_EXERCISE_
Starting at the line below holding "#16=DIRECTION('',(0.,0.,1.));" and stopping at the line holding "#32=ORIENTED_EDGE('',*,*,#31,.T.);", print every line exactly, both ends included, and leave the rest out.
═══ PROVIDED RECORDS ═══
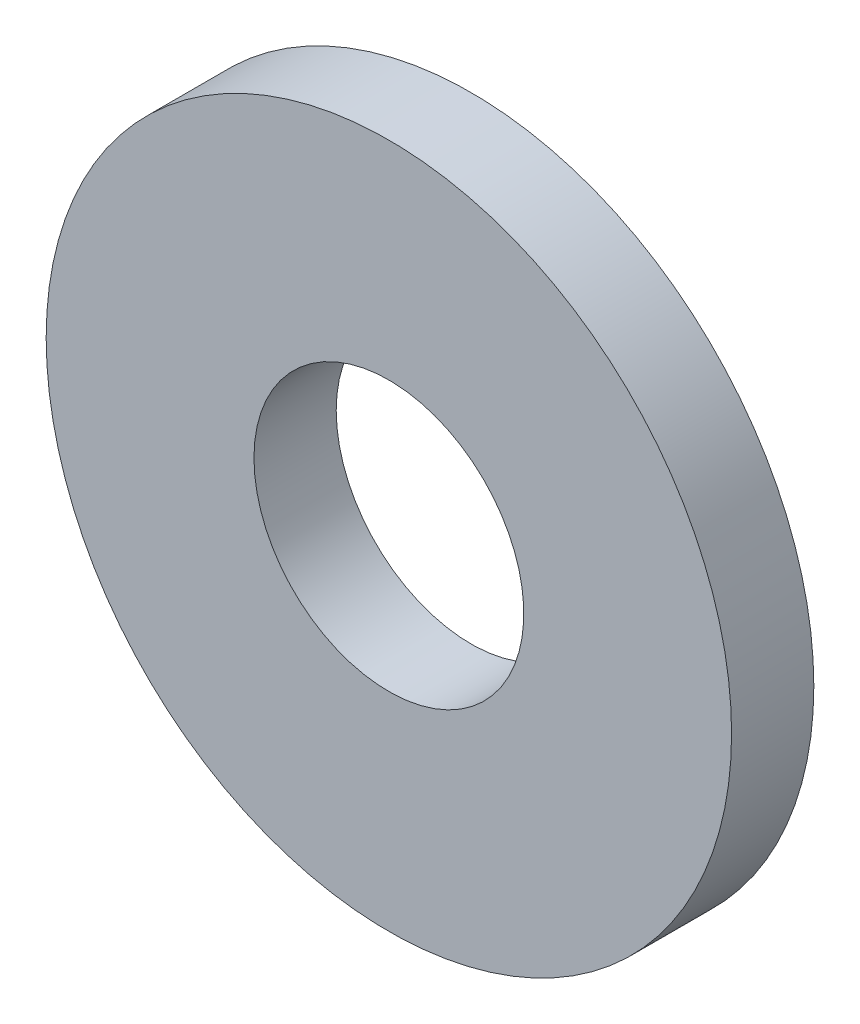
ISO-10303-21;
HEADER;
FILE_DESCRIPTION(('STEP AP214'),'2;1');
FILE_NAME('part.step','',(''),(''),'','','');
FILE_SCHEMA(('AUTOMOTIVE_DESIGN { 1 0 10303 214 1 1 1 1 }'));
ENDSEC;
DATA;
#1=APPLICATION_CONTEXT('core data for automotive mechanical design processes');
#2=APPLICATION_PROTOCOL_DEFINITION('international standard','automotive_design',2000,#1);
#3=PRODUCT_CONTEXT('',#1,'mechanical');
#4=PRODUCT('Part','Part','',(#3));
#5=PRODUCT_RELATED_PRODUCT_CATEGORY('part','',(#4));
#6=PRODUCT_DEFINITION_FORMATION('','',#4);
#7=PRODUCT_DEFINITION_CONTEXT('part definition',#1,'design');
#8=PRODUCT_DEFINITION('design','',#6,#7);
#9=PRODUCT_DEFINITION_SHAPE('','',#8);
#10=(LENGTH_UNIT() NAMED_UNIT(*) SI_UNIT(.MILLI.,.METRE.));
#11=(NAMED_UNIT(*) PLANE_ANGLE_UNIT() SI_UNIT($,.RADIAN.));
#12=(NAMED_UNIT(*) SI_UNIT($,.STERADIAN.) SOLID_ANGLE_UNIT());
#13=UNCERTAINTY_MEASURE_WITH_UNIT(LENGTH_MEASURE(1.E-05),#10,'distance_accuracy_value','');
#14=(GEOMETRIC_REPRESENTATION_CONTEXT(3) GLOBAL_UNCERTAINTY_ASSIGNED_CONTEXT((#13)) GLOBAL_UNIT_ASSIGNED_CONTEXT((#10,
#11,#12)) REPRESENTATION_CONTEXT('',''));
#15=CARTESIAN_POINT('',(0.,0.,0.));
#16=DIRECTION('',(0.,0.,1.));
#17=DIRECTION('',(1.,0.,0.));
#18=AXIS2_PLACEMENT_3D('',#15,#16,#17);
#19=CARTESIAN_POINT('',(0.,0.,1.524));
#20=DIRECTION('',(0.,0.,1.));
#21=DIRECTION('',(1.,0.,0.));
#22=AXIS2_PLACEMENT_3D('',#19,#20,#21);
#23=PLANE('',#22);
#24=CARTESIAN_POINT('',(0.,0.,1.524));
#25=DIRECTION('',(0.,0.,1.));
#26=DIRECTION('',(1.,0.,0.));
#27=AXIS2_PLACEMENT_3D('',#24,#25,#26);
#28=CIRCLE('',#27,6.35);
#29=CARTESIAN_POINT('',(-6.35,0.,1.524));
#30=VERTEX_POINT('',#29);
#31=EDGE_CURVE('E10',#30,#30,#28,.T.);
#32=ORIENTED_EDGE('',*,*,#31,.T.);
#33=EDGE_LOOP('',(#32));
#34=FACE_BOUND('',#33,.T.);
#35=CARTESIAN_POINT('',(0.,0.,1.524));
#36=DIRECTION('',(0.,0.,1.));
#37=DIRECTION('',(1.,0.,0.));
#38=AXIS2_PLACEMENT_3D('',#35,#36,#37);
#39=CIRCLE('',#38,2.5);
#40=CARTESIAN_POINT('',(-2.5,0.,1.524));
#41=VERTEX_POINT('',#40);
#42=EDGE_CURVE('E42',#41,#41,#39,.T.);
#43=ORIENTED_EDGE('',*,*,#42,.F.);
#44=EDGE_LOOP('',(#43));
#45=FACE_BOUND('',#44,.T.);
#46=ADVANCED_FACE('F31',(#34,#45),#23,.T.);
#47=CARTESIAN_POINT('',(0.,0.,0.));
#48=DIRECTION('',(0.,0.,1.));
#49=DIRECTION('',(1.,0.,0.));
#50=AXIS2_PLACEMENT_3D('',#47,#48,#49);
#51=PLANE('',#50);
#52=CARTESIAN_POINT('',(0.,0.,0.));
#53=DIRECTION('',(0.,0.,1.));
#54=DIRECTION('',(1.,0.,0.));
#55=AXIS2_PLACEMENT_3D('',#52,#53,#54);
#56=CIRCLE('',#55,6.35);
#57=CARTESIAN_POINT('',(-6.35,0.,0.));
#58=VERTEX_POINT('',#57);
#59=EDGE_CURVE('E35',#58,#58,#56,.T.);
#60=ORIENTED_EDGE('',*,*,#59,.F.);
#61=EDGE_LOOP('',(#60));
#62=FACE_BOUND('',#61,.T.);
#63=CARTESIAN_POINT('',(0.,0.,0.));
#64=DIRECTION('',(0.,0.,1.));
#65=DIRECTION('',(1.,0.,0.));
#66=AXIS2_PLACEMENT_3D('',#63,#64,#65);
#67=CIRCLE('',#66,2.5);
#68=CARTESIAN_POINT('',(-2.5,0.,0.));
#69=VERTEX_POINT('',#68);
#70=EDGE_CURVE('E44',#69,#69,#67,.T.);
#71=ORIENTED_EDGE('',*,*,#70,.T.);
#72=EDGE_LOOP('',(#71));
#73=FACE_BOUND('',#72,.T.);
#74=ADVANCED_FACE('F54',(#62,#73),#51,.F.);
#75=CARTESIAN_POINT('',(0.,0.,1.524));
#76=DIRECTION('',(0.,0.,-1.));
#77=DIRECTION('',(-1.,0.,0.));
#78=AXIS2_PLACEMENT_3D('',#75,#76,#77);
#79=CYLINDRICAL_SURFACE('',#78,6.35);
#80=CARTESIAN_POINT('',(-6.35,0.,1.524));
#81=CARTESIAN_POINT('',(-6.35,0.,1.508125));
#82=CARTESIAN_POINT('',(-6.35,0.,1.49225));
#83=CARTESIAN_POINT('',(-6.35,0.,1.4605));
#84=CARTESIAN_POINT('',(-6.35,0.,1.444625));
#85=CARTESIAN_POINT('',(-6.35,0.,1.412875));
#86=CARTESIAN_POINT('',(-6.35,0.,1.397));
#87=CARTESIAN_POINT('',(-6.35,0.,1.36525));
#88=CARTESIAN_POINT('',(-6.35,0.,1.349375));
#89=CARTESIAN_POINT('',(-6.35,0.,1.317625));
#90=CARTESIAN_POINT('',(-6.35,0.,1.30175));
#91=CARTESIAN_POINT('',(-6.35,0.,1.27));
#92=CARTESIAN_POINT('',(-6.35,0.,1.254125));
#93=CARTESIAN_POINT('',(-6.35,0.,1.222375));
#94=CARTESIAN_POINT('',(-6.35,0.,1.2065));
#95=CARTESIAN_POINT('',(-6.35,0.,1.17475));
#96=CARTESIAN_POINT('',(-6.35,0.,1.158875));
#97=CARTESIAN_POINT('',(-6.35,0.,1.127125));
#98=CARTESIAN_POINT('',(-6.35,0.,1.11125));
#99=CARTESIAN_POINT('',(-6.35,0.,1.0795));
#100=CARTESIAN_POINT('',(-6.35,0.,1.063625));
#101=CARTESIAN_POINT('',(-6.35,0.,1.031875));
#102=CARTESIAN_POINT('',(-6.35,0.,1.016));
#103=CARTESIAN_POINT('',(-6.35,0.,0.98425));
#104=CARTESIAN_POINT('',(-6.35,0.,0.968375));
#105=CARTESIAN_POINT('',(-6.35,0.,0.936625));
#106=CARTESIAN_POINT('',(-6.35,0.,0.92075));
#107=CARTESIAN_POINT('',(-6.35,0.,0.889));
#108=CARTESIAN_POINT('',(-6.35,0.,0.873125));
#109=CARTESIAN_POINT('',(-6.35,0.,0.841375));
#110=CARTESIAN_POINT('',(-6.35,0.,0.8255));
#111=CARTESIAN_POINT('',(-6.35,0.,0.79375));
#112=CARTESIAN_POINT('',(-6.35,0.,0.777875));
#113=CARTESIAN_POINT('',(-6.35,0.,0.746125));
#114=CARTESIAN_POINT('',(-6.35,0.,0.73025));
#115=CARTESIAN_POINT('',(-6.35,0.,0.6985));
#116=CARTESIAN_POINT('',(-6.35,0.,0.682625));
#117=CARTESIAN_POINT('',(-6.35,0.,0.650875));
#118=CARTESIAN_POINT('',(-6.35,0.,0.635));
#119=CARTESIAN_POINT('',(-6.35,0.,0.60325));
#120=CARTESIAN_POINT('',(-6.35,0.,0.587375));
#121=CARTESIAN_POINT('',(-6.35,0.,0.555625));
#122=CARTESIAN_POINT('',(-6.35,0.,0.53975));
#123=CARTESIAN_POINT('',(-6.35,0.,0.508));
#124=CARTESIAN_POINT('',(-6.35,0.,0.492125));
#125=CARTESIAN_POINT('',(-6.35,0.,0.460375));
#126=CARTESIAN_POINT('',(-6.35,0.,0.4445));
#127=CARTESIAN_POINT('',(-6.35,0.,0.41275));
#128=CARTESIAN_POINT('',(-6.35,0.,0.396875));
#129=CARTESIAN_POINT('',(-6.35,0.,0.365125));
#130=CARTESIAN_POINT('',(-6.35,0.,0.34925));
#131=CARTESIAN_POINT('',(-6.35,0.,0.3175));
#132=CARTESIAN_POINT('',(-6.35,0.,0.301625));
#133=CARTESIAN_POINT('',(-6.35,0.,0.269875));
#134=CARTESIAN_POINT('',(-6.35,0.,0.254));
#135=CARTESIAN_POINT('',(-6.35,0.,0.22225));
#136=CARTESIAN_POINT('',(-6.35,0.,0.206375));
#137=CARTESIAN_POINT('',(-6.35,0.,0.174625));
#138=CARTESIAN_POINT('',(-6.35,0.,0.15875));
#139=CARTESIAN_POINT('',(-6.35,0.,0.127));
#140=CARTESIAN_POINT('',(-6.35,0.,0.111125));
#141=CARTESIAN_POINT('',(-6.35,0.,0.079375));
#142=CARTESIAN_POINT('',(-6.35,0.,0.0635));
#143=CARTESIAN_POINT('',(-6.35,0.,0.0317499999999999));
#144=CARTESIAN_POINT('',(-6.35,0.,0.015875));
#145=CARTESIAN_POINT('',(-6.35,0.,0.));
#146=B_SPLINE_CURVE_WITH_KNOTS('',3,(#80,#81,#82,#83,#84,#85,#86,#87,#88,#89,#90,#91,#92,#93,
#94,#95,#96,#97,#98,#99,#100,#101,#102,#103,#104,#105,#106,#107,#108,#109,#110,#111,#112,#113,
#114,#115,#116,#117,#118,#119,#120,#121,#122,#123,#124,#125,#126,#127,#128,#129,#130,#131,#132,
#133,#134,#135,#136,#137,#138,#139,#140,#141,#142,#143,#144,#145),.UNSPECIFIED.,.F.,.F.,(4,2,2,
2,2,2,2,2,2,2,2,2,2,2,2,2,2,2,2,2,2,2,2,2,2,2,2,2,2,2,2,2,4),(0.,0.0476250000000001,
0.0952500000000001,0.142875,0.1905,0.238125,0.28575,0.333375,0.381,0.428625,0.47625,0.523875,
0.5715,0.619125,0.66675,0.714375,0.762,0.809625,0.85725,0.904875,0.9525,1.000125,1.04775,
1.095375,1.143,1.190625,1.23825,1.285875,1.3335,1.381125,1.42875,1.476375,1.524),.UNSPECIFIED.);
#147=EDGE_CURVE('BSEAM33',#30,#58,#146,.T.);
#148=ORIENTED_EDGE('',*,*,#31,.F.);
#149=ORIENTED_EDGE('',*,*,#59,.T.);
#150=ORIENTED_EDGE('',*,*,#147,.T.);
#151=ORIENTED_EDGE('',*,*,#147,.F.);
#152=EDGE_LOOP('',(#148,#150,#149,#151));
#153=FACE_BOUND('',#152,.T.);
#154=ADVANCED_FACE('F33',(#153),#79,.T.);
#155=CARTESIAN_POINT('',(0.,0.,1.524));
#156=DIRECTION('',(0.,0.,-1.));
#157=DIRECTION('',(-1.,0.,0.));
#158=AXIS2_PLACEMENT_3D('',#155,#156,#157);
#159=CYLINDRICAL_SURFACE('',#158,2.5);
#160=CARTESIAN_POINT('',(-2.5,0.,1.524));
#161=CARTESIAN_POINT('',(-2.5,0.,1.508125));
#162=CARTESIAN_POINT('',(-2.5,0.,1.49225));
#163=CARTESIAN_POINT('',(-2.5,0.,1.4605));
#164=CARTESIAN_POINT('',(-2.5,0.,1.444625));
#165=CARTESIAN_POINT('',(-2.5,0.,1.412875));
#166=CARTESIAN_POINT('',(-2.5,0.,1.397));
#167=CARTESIAN_POINT('',(-2.5,0.,1.36525));
#168=CARTESIAN_POINT('',(-2.5,0.,1.349375));
#169=CARTESIAN_POINT('',(-2.5,0.,1.317625));
#170=CARTESIAN_POINT('',(-2.5,0.,1.30175));
#171=CARTESIAN_POINT('',(-2.5,0.,1.27));
#172=CARTESIAN_POINT('',(-2.5,0.,1.254125));
#173=CARTESIAN_POINT('',(-2.5,0.,1.222375));
#174=CARTESIAN_POINT('',(-2.5,0.,1.2065));
#175=CARTESIAN_POINT('',(-2.5,0.,1.17475));
#176=CARTESIAN_POINT('',(-2.5,0.,1.158875));
#177=CARTESIAN_POINT('',(-2.5,0.,1.127125));
#178=CARTESIAN_POINT('',(-2.5,0.,1.11125));
#179=CARTESIAN_POINT('',(-2.5,0.,1.0795));
#180=CARTESIAN_POINT('',(-2.5,0.,1.063625));
#181=CARTESIAN_POINT('',(-2.5,0.,1.031875));
#182=CARTESIAN_POINT('',(-2.5,0.,1.016));
#183=CARTESIAN_POINT('',(-2.5,0.,0.98425));
#184=CARTESIAN_POINT('',(-2.5,0.,0.968375));
#185=CARTESIAN_POINT('',(-2.5,0.,0.936625));
#186=CARTESIAN_POINT('',(-2.5,0.,0.92075));
#187=CARTESIAN_POINT('',(-2.5,0.,0.889));
#188=CARTESIAN_POINT('',(-2.5,0.,0.873125));
#189=CARTESIAN_POINT('',(-2.5,0.,0.841375));
#190=CARTESIAN_POINT('',(-2.5,0.,0.8255));
#191=CARTESIAN_POINT('',(-2.5,0.,0.79375));
#192=CARTESIAN_POINT('',(-2.5,0.,0.777875));
#193=CARTESIAN_POINT('',(-2.5,0.,0.746125));
#194=CARTESIAN_POINT('',(-2.5,0.,0.73025));
#195=CARTESIAN_POINT('',(-2.5,0.,0.6985));
#196=CARTESIAN_POINT('',(-2.5,0.,0.682625));
#197=CARTESIAN_POINT('',(-2.5,0.,0.650875));
#198=CARTESIAN_POINT('',(-2.5,0.,0.635));
#199=CARTESIAN_POINT('',(-2.5,0.,0.60325));
#200=CARTESIAN_POINT('',(-2.5,0.,0.587375));
#201=CARTESIAN_POINT('',(-2.5,0.,0.555625));
#202=CARTESIAN_POINT('',(-2.5,0.,0.53975));
#203=CARTESIAN_POINT('',(-2.5,0.,0.508));
#204=CARTESIAN_POINT('',(-2.5,0.,0.492125));
#205=CARTESIAN_POINT('',(-2.5,0.,0.460375));
#206=CARTESIAN_POINT('',(-2.5,0.,0.4445));
#207=CARTESIAN_POINT('',(-2.5,0.,0.41275));
#208=CARTESIAN_POINT('',(-2.5,0.,0.396875));
#209=CARTESIAN_POINT('',(-2.5,0.,0.365125));
#210=CARTESIAN_POINT('',(-2.5,0.,0.34925));
#211=CARTESIAN_POINT('',(-2.5,0.,0.3175));
#212=CARTESIAN_POINT('',(-2.5,0.,0.301625));
#213=CARTESIAN_POINT('',(-2.5,0.,0.269875));
#214=CARTESIAN_POINT('',(-2.5,0.,0.254));
#215=CARTESIAN_POINT('',(-2.5,0.,0.22225));
#216=CARTESIAN_POINT('',(-2.5,0.,0.206375));
#217=CARTESIAN_POINT('',(-2.5,0.,0.174625));
#218=CARTESIAN_POINT('',(-2.5,0.,0.15875));
#219=CARTESIAN_POINT('',(-2.5,0.,0.127));
#220=CARTESIAN_POINT('',(-2.5,0.,0.111125));
#221=CARTESIAN_POINT('',(-2.5,0.,0.079375));
#222=CARTESIAN_POINT('',(-2.5,0.,0.0635));
#223=CARTESIAN_POINT('',(-2.5,0.,0.0317499999999999));
#224=CARTESIAN_POINT('',(-2.5,0.,0.015875));
#225=CARTESIAN_POINT('',(-2.5,0.,0.));
#226=B_SPLINE_CURVE_WITH_KNOTS('',3,(#160,#161,#162,#163,#164,#165,#166,#167,#168,#169,#170,
#171,#172,#173,#174,#175,#176,#177,#178,#179,#180,#181,#182,#183,#184,#185,#186,#187,#188,#189,
#190,#191,#192,#193,#194,#195,#196,#197,#198,#199,#200,#201,#202,#203,#204,#205,#206,#207,#208,
#209,#210,#211,#212,#213,#214,#215,#216,#217,#218,#219,#220,#221,#222,#223,#224,#225),
.UNSPECIFIED.,.F.,.F.,(4,2,2,2,2,2,2,2,2,2,2,2,2,2,2,2,2,2,2,2,2,2,2,2,2,2,2,2,2,2,2,2,4),(0.,
0.0476249999999999,0.0952499999999998,0.142875,0.1905,0.238125,0.28575,0.333375,0.381,0.428625,
0.47625,0.523875,0.5715,0.619125,0.66675,0.714375,0.762,0.809625,0.85725,0.904875,0.9525,
1.000125,1.04775,1.095375,1.143,1.190625,1.23825,1.285875,1.3335,1.381125,1.42875,1.476375,
1.524),.UNSPECIFIED.);
#227=EDGE_CURVE('BSEAM50',#41,#69,#226,.T.);
#228=ORIENTED_EDGE('',*,*,#42,.T.);
#229=ORIENTED_EDGE('',*,*,#70,.F.);
#230=ORIENTED_EDGE('',*,*,#227,.T.);
#231=ORIENTED_EDGE('',*,*,#227,.F.);
#232=EDGE_LOOP('',(#228,#230,#229,#231));
#233=FACE_BOUND('',#232,.T.);
#234=ADVANCED_FACE('F50',(#233),#159,.F.);
#235=CLOSED_SHELL('',(#46,#74,#154,#234));
#236=MANIFOLD_SOLID_BREP('B2',#235);
#237=ADVANCED_BREP_SHAPE_REPRESENTATION('',(#18,#236),#14);
#238=SHAPE_DEFINITION_REPRESENTATION(#9,#237);
ENDSEC;
END-ISO-10303-21;
═══
_OUTPUT OF THE EXERCISE_
#16=DIRECTION('',(0.,0.,1.));
#17=DIRECTION('',(1.,0.,0.));
#18=AXIS2_PLACEMENT_3D('',#15,#16,#17);
#19=CARTESIAN_POINT('',(0.,0.,1.524));
#20=DIRECTION('',(0.,0.,1.));
#21=DIRECTION('',(1.,0.,0.));
#22=AXIS2_PLACEMENT_3D('',#19,#20,#21);
#23=PLANE('',#22);
#24=CARTESIAN_POINT('',(0.,0.,1.524));
#25=DIRECTION('',(0.,0.,1.));
#26=DIRECTION('',(1.,0.,0.));
#27=AXIS2_PLACEMENT_3D('',#24,#25,#26);
#28=CIRCLE('',#27,6.35);
#29=CARTESIAN_POINT('',(-6.35,0.,1.524));
#30=VERTEX_POINT('',#29);
#31=EDGE_CURVE('E10',#30,#30,#28,.T.);
#32=ORIENTED_EDGE('',*,*,#31,.T.);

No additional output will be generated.